To complete the cap dispensing cycle, the piston rod 50 is retracted clearing the aperture 36 and allowing a subsequent cap to enter and sit on the resilient lip 42 which by virtue of its elasticity has recovered to its unstressed horizontal position.
It will be appreciated that in addition to the cap guiding functions, the resilient lip 42 plays an additional role. It forms in combination with the ejector assembly 46 a latch system to control the cap release on the containers, which is extremely effective while remaining mechanically simple.
The structure of the supporting pad 34 will depend on the configuration of the cap which is to be dispensed. Due to the simplicity of this component, various pads 34 may be easily fabricated to suit different cap shapes and sizes so as to render the machine 10 versatile for use in applying screw-type caps of different kinds.
Simultaneously, with the retraction of the piston rod 50 at the completion of the cap dispensing cycle, the stepper wheel 22 is advanced to bring the container 13 in a position for engagement by the first tightening station 18 where the cap 15 is partially tightened. The wheel 22 is then revolved again to bring the container 13 to the second tightening station 20 Where the final tightening torque is applied to the cap 15. The structure and operation of the tightening stations 18 and 20 will not be further described because they are of a known construction.
In a variant shown in FIG. 9, an air motor 60 is incorporated in the piston rod 50, comprising a stator 62 rigidly mounted to the piston rod 50, and a rotor 64 supporting the cap engaging block 52. Flexible compressed air supply lines 66 are connected to the motor 60 to supply thereto driving fluid at various vertical positions of the motor.

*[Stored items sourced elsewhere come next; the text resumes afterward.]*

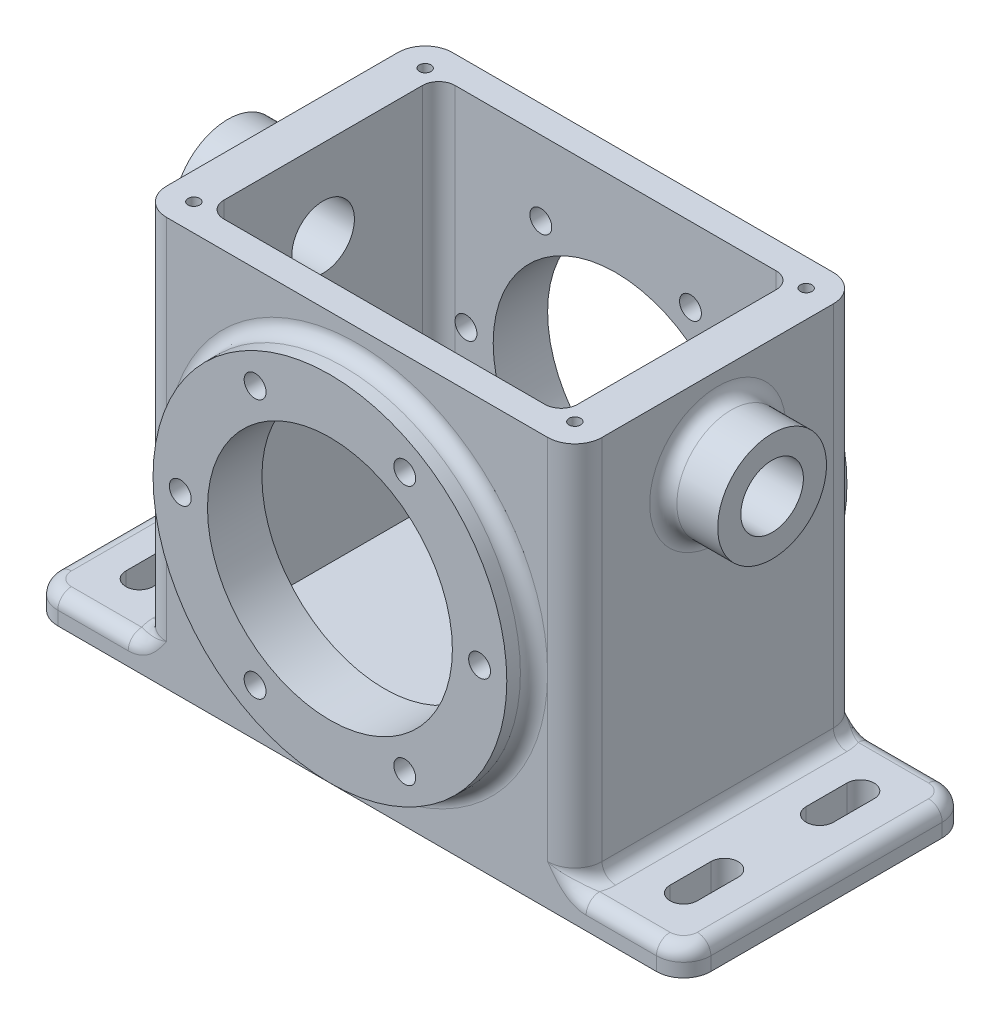
SolidWorks part; units mm, degrees
material "Cast Alloy Steel"
ref_plane "Front Plane" through (0, 0, 0) normal (0, 0, 1) x (1, 0, 0)
ref_plane "Top Plane" through (0, 0, 0) normal (0, 1, 0) x (1, 0, 0)
ref_plane "Right Plane" through (0, 0, 0) normal (1, 0, 0) x (0, 0, -1)
sketch "Sketch2" plane through (0, 0, 0) normal (0, 1, 0) x (1, 0, 0)
  line L0 (-1270.7662, 0) -> (1270.7662, 0) construction
  line L1 (-76.2, -33.3375) -> (76.2, -33.3375)
  line L2 (-76.2, -33.3375) -> (-76.2, 33.3375)
  line L3 (-76.2, 33.3375) -> (76.2, 33.3375)
  line L4 (76.2, -33.3375) -> (76.2, 33.3375)
  line L5 (-76.2, -33.3375) -> (76.2, 33.3375) construction
  line L6 (-76.2, 33.3375) -> (76.2, -33.3375) construction
  point P0 (0, 0)
  dimension "D1" = 152.4
  dimension "D2" = 66.675
extrude "Boss-Extrude1" add sketch "Sketch2" along normal blind 6.35
sketch "Sketch3" plane through (0, 6.35, 0) normal (0, 1, 0) x (1, 0, 0)
  line L0 (-76.2, -33.3375) -> (76.2, -33.3375) construction
  line L1 (-50.8, 33.3375) -> (50.8, 33.3375)
  line L2 (-50.8, 33.3375) -> (-50.8, -33.3375)
  line L3 (-50.8, -33.3375) -> (50.8, -33.3375)
  line L4 (50.8, 33.3375) -> (50.8, -33.3375)
  line L5 (-50.8, 33.3375) -> (50.8, -33.3375) construction
  line L6 (-50.8, -33.3375) -> (50.8, 33.3375) construction
  point P0 (0, 0)
  dimension "D1" = 101.6
extrude "Boss-Extrude2" add sketch "Sketch3" along normal blind 88.9 contours L2 L1 L4 L3
fillet "Fillet1" radius 6.35 8 edges at (76.2, 3.175, -33.3375) (76.2, 3.175, 33.3375) (-76.2, 3.175, 33.3375) (-76.2, 3.175, -33.3375) (-50.8, 50.8, -33.3375) (-50.8, 50.8, 33.3375) (50.8, 50.8, 33.3375) (50.8, 50.8, -33.3375)
fillet "Fillet2" radius 3.175 16 edges at (-74.3401, 6.35, -31.4776) (-57.15, 6.35, -33.3375) (-48.9401, 6.35, -31.4776) (-50.8, 6.35, 0) (-48.9401, 6.35, 31.4776) (-57.15, 6.35, 33.3375) (-74.3401, 6.35, 31.4776) (-76.2, 6.35, 0) (74.3401, 6.35, 31.4776) (57.15, 6.35, 33.3375) (48.9401, 6.35, 31.4776) (50.8, 6.35, 0) (48.9401, 6.35, -31.4776) (57.15, 6.35, -33.3375) (74.3401, 6.35, -31.4776) (76.2, 6.35, 0)
sketch "Sketch4" plane through (0, 95.25, 0) normal (0, 1, 0) x (1, 0, 0)
  line L0 (-44.45, 33.3375) -> (44.45, 33.3375) construction
  line L1 (37.465, -26.9875) -> (-37.465, -26.9875)
  line L2 (41.275, -23.1775) -> (41.275, 23.1775)
  line L3 (37.465, 26.9875) -> (-37.465, 26.9875)
  line L4 (-41.275, -23.1775) -> (-41.275, 23.1775)
  line L5 (41.275, -26.9875) -> (-41.275, 26.9875) construction
  line L6 (41.275, 26.9875) -> (-41.275, -26.9875) construction
  line L7 (-50.8, 26.9875) -> (-50.8, -26.9875) construction
  arc A0 (-37.465, -26.9875) -> (-41.275, -23.1775) centre (-37.465, -23.1775) cw
  arc A1 (37.465, -26.9875) -> (41.275, -23.1775) centre (37.465, -23.1775) ccw
  arc A2 (41.275, 23.1775) -> (37.465, 26.9875) centre (37.465, 23.1775) ccw
  arc A3 (-37.465, 26.9875) -> (-41.275, 23.1775) centre (-37.465, 23.1775) ccw
  point P0 (0, 0)
  dimension "D3" = 3.81
  dimension "D1" = 6.35
  dimension "D2" = 9.525
extrude "Top Cut" cut sketch "Sketch4" against normal blind 85.725
sketch "Sketch7" plane through (0, 0, 33.3375) normal (0, 0, 1) x (1, 0, 0)
  line L0 (-44.45, 95.25) -> (44.45, 95.25) construction
  circle A0 centre (0, 47.625) radius 41.275
  dimension "D1" = 47.625
  dimension "D2" = 82.55
sketch "Sketch8" plane through (50.8, 0, 0) normal (1, 0, 0) x (0, 0, -1)
  line L0 (26.9875, 95.25) -> (-26.9875, 95.25) construction
  circle A0 centre (0, 76.2) radius 12.7
  dimension "D1" = 25.4
  dimension "D2" = 19.05
extrude "Boss-Extrude4" add sketch "Sketch8" along normal blind 12.7 contours A0
mirror "Mirror3" about plane through (0, 0, 0) normal (1, 0, 0) of "Boss-Extrude4" second plane through (0, 0, 0) second plane normal (0, 0, 1)
sketch "Sketch12" plane through (0, 0, 33.3375) normal (0, 0, 1) x (1, 0, 0)
  line L0 (-44.45, 95.25) -> (44.45, 95.25) construction
  circle A0 centre (0, 47.625) radius 41.275
  dimension "D1" = 82.55
  dimension "D2" = 47.625
extrude "Boss-Extrude5" add sketch "Sketch12" along normal blind 6.35 contours A0
sketch "Sketch13" plane through (0, 0, 39.6875) normal (0, 0, 1) x (1, 0, 0)
  line L0 (-44.45, 95.25) -> (44.45, 95.25) construction
  circle A0 centre (0, 47.625) radius 28.575
  dimension "D1" = 57.15
  dimension "D2" = 47.625
mirror "Mirror7" about plane through (0, 0, 0) normal (0, 0, 1) of "Boss-Extrude5"
extrude "Cut-Extrude2" cut sketch "Sketch13" against normal through all contours A0
sketch "Sketch14" plane through (63.5, 0, 0) normal (1, 0, 0) x (0, 0, -1)
  circle A0 centre (0, 76.2) radius 7.3025
  circle A2 centre (0, 76.2) radius 12.7 construction
  dimension "D1" = 14.605
extrude "Cut-Extrude3" cut sketch "Sketch14" against normal through all contours A0
hole_wizard "1/4-20 Tapped Hole1" positions "Sketch16" profile "Sketch17" tap size "1/4-20" standard "ANSI Inch"
sketch "Sketch16" plane through (0, 0, 39.6875) normal (0, 0, 1) x (1, 0, 0)
  line L0 (28.575, 47.625) -> (41.275, 47.625) construction
  circle A0 centre (0, 47.625) radius 28.575 construction
  circle A1 centre (0, 47.625) radius 41.275 construction
  point P0 (34.925, 47.625)
  point P12 (34.925, 47.625)
sketch "Sketch17" plane through (34.925, 47.625, 39.6875) normal (1, 0, 0) x (0, -1, 0)
  line L0 (0, 0) -> (0, 12.7)
  line L1 (0, 12.7) -> (2.5527, 12.7)
  line L2 (2.5527, 12.7) -> (2.5527, 0)
  line L5 (2.5527, 0) -> (0, 0)
  line L11 (0, -6.35) -> (0, 107.95) construction
  dimension "Thru Tap Drill Dia." = 5.1054
  dimension "Thru Tap Drill Depth" = 12.7
cosmetic thread "Hole Thread1" parameters "D2"=6.35
pattern_circular "CirPattern1" count 6 over 360 about axis through (0, 47.625, 0) along (0, 0, 1) of "1/4-20 Tapped Hole1"
cosmetic thread "Hole Thread2" parameters "D2"=6.35
cosmetic thread "Hole Thread3" parameters "D2"=6.35
cosmetic thread "Hole Thread4" parameters "D2"=6.35
cosmetic thread "Hole Thread5" parameters "D2"=6.35
cosmetic thread "Hole Thread6" parameters "D2"=6.35
mirror "Mirror8" about plane through (0, 0, 0) normal (0, 0, 1) of "CirPattern1", "1/4-20 Tapped Hole1"
cosmetic thread "Hole Thread7" parameters "D2"=6.35
cosmetic thread "Hole Thread8" parameters "D2"=6.35
cosmetic thread "Hole Thread9" parameters "D2"=6.35
cosmetic thread "Hole Thread10" parameters "D2"=6.35
cosmetic thread "Hole Thread11" parameters "D2"=6.35
cosmetic thread "Hole Thread12" parameters "D2"=6.35
hole_wizard "#6-32 Tapped Hole1" positions "Sketch20" profile "Sketch21" tap size "#6-32" standard "ANSI Inch"
sketch "Sketch20" plane through (0, 95.25, 0) normal (0, 1, 0) x (1, 0, 0)
  point P0 (44.45, 26.9875)
  point P3 (-44.45, 26.9875)
  point P6 (-44.45, -26.9875)
  point P9 (44.45, -26.9875)
sketch "Sketch21" plane through (44.45, 95.25, -26.9875) normal (1, 0, 0) x (0, 0, 1)
  line L0 (0, 0) -> (0, 11.7855)
  line L1 (0, 11.7855) -> (1.3525, 10.9728)
  line L2 (1.3525, 10.9728) -> (1.3525, 0)
  line L5 (1.3525, 0) -> (0, 0)
  line L10 (0, 11.7855) -> (-1.3525, 10.9728) construction
  line L11 (0, -6.35) -> (0, 107.95) construction
  dimension "Tap Drill Dia." = 2.7051
  dimension "Tap Drill Depth" = 10.9728
  dimension "Drill Angle" = 118
cosmetic thread "Hole Thread13" parameters "D1"=7.0104, "D2"=3.5052
cosmetic thread "Hole Thread14" parameters "D1"=7.0104, "D2"=3.5052
cosmetic thread "Hole Thread15" parameters "D1"=7.0104, "D2"=3.5052
cosmetic thread "Hole Thread16" parameters "D1"=7.0104, "D2"=3.5052
sketch "Sketch22" plane through (0, 6.35, 0) normal (0, 1, 0) x (1, 0, 0)
  line L0 (-63.5, -20.6375) -> (-63.5, -11.1125) construction
  line L1 (-53.4303, -33.3375) -> (-69.85, -33.3375) construction
  line L2 (-66.675, -20.6375) -> (-66.675, -11.1125)
  line L3 (-60.325, -20.6375) -> (-60.325, -11.1125)
  line L4 (-76.2, -26.9875) -> (-76.2, 26.9875) construction
  arc A0 (-66.675, -20.6375) -> (-60.325, -20.6375) centre (-63.5, -20.6375) ccw
  arc A1 (-60.325, -11.1125) -> (-66.675, -11.1125) centre (-63.5, -11.1125) ccw
  point P4 (-63.5, -15.875)
  dimension "D1" = 6.35
  dimension "D2" = 9.525
  dimension "D3" = 12.7
  dimension "D4" = 12.7
extrude "Cut-Extrude4" cut sketch "Sketch22" against normal through all contours L3 A1 L2 A0
pattern_linear "LPattern1" count 2 spacing 31.75 along (0, 0, -1) of "Cut-Extrude4"
mirror "Mirror9" about plane through (0, 0, 0) normal (1, 0, 0) of "LPattern1", "Cut-Extrude4"
fillet "Fillet3" radius 3.175 4 edges at (50.8, 76.2, -12.7) (-50.8, 76.2, -12.7) (-41.275, 47.625, 33.3375) (41.275, 47.625, -33.3375)

In operation, when the piston rod 50 is extended to eject a cap from the cap release passage, the cap engaging block 52 in frictional engagement with the cap 15 is not allowed to rotate because the cap is locked against rotation by the resilient lip 42, which causes the air motor 60 to slip. A rotational movement is imparted to the cap 15 only when both the cap and the cap engaging block 52 have cleared the resilient lip 42, which occurs when the cap is being deposited on the container neck. It has been observed that a rotational motion further reduces the possibility of thread misalignment and may in fact, at certain conditions, initiate the thread engagement. The direction of rotation of the cap, either in the tightening or the untightening direction, to achieve the best alignment action, is determined according to practical experimentation. For certain types of caps rotation in the tightening direction works best, while for other types of caps rotation in the untightening direction is better. Evidently, in the latter case, thread engagement cannot be initiated by the cap rotation.
The above description of a preferred embodiment of this invention should not be interpreted in any limiting manner as this embodiment may be refined and varied in various ways without departing from the spirit of the invention. The scope of the invention is defined in the annexed claims.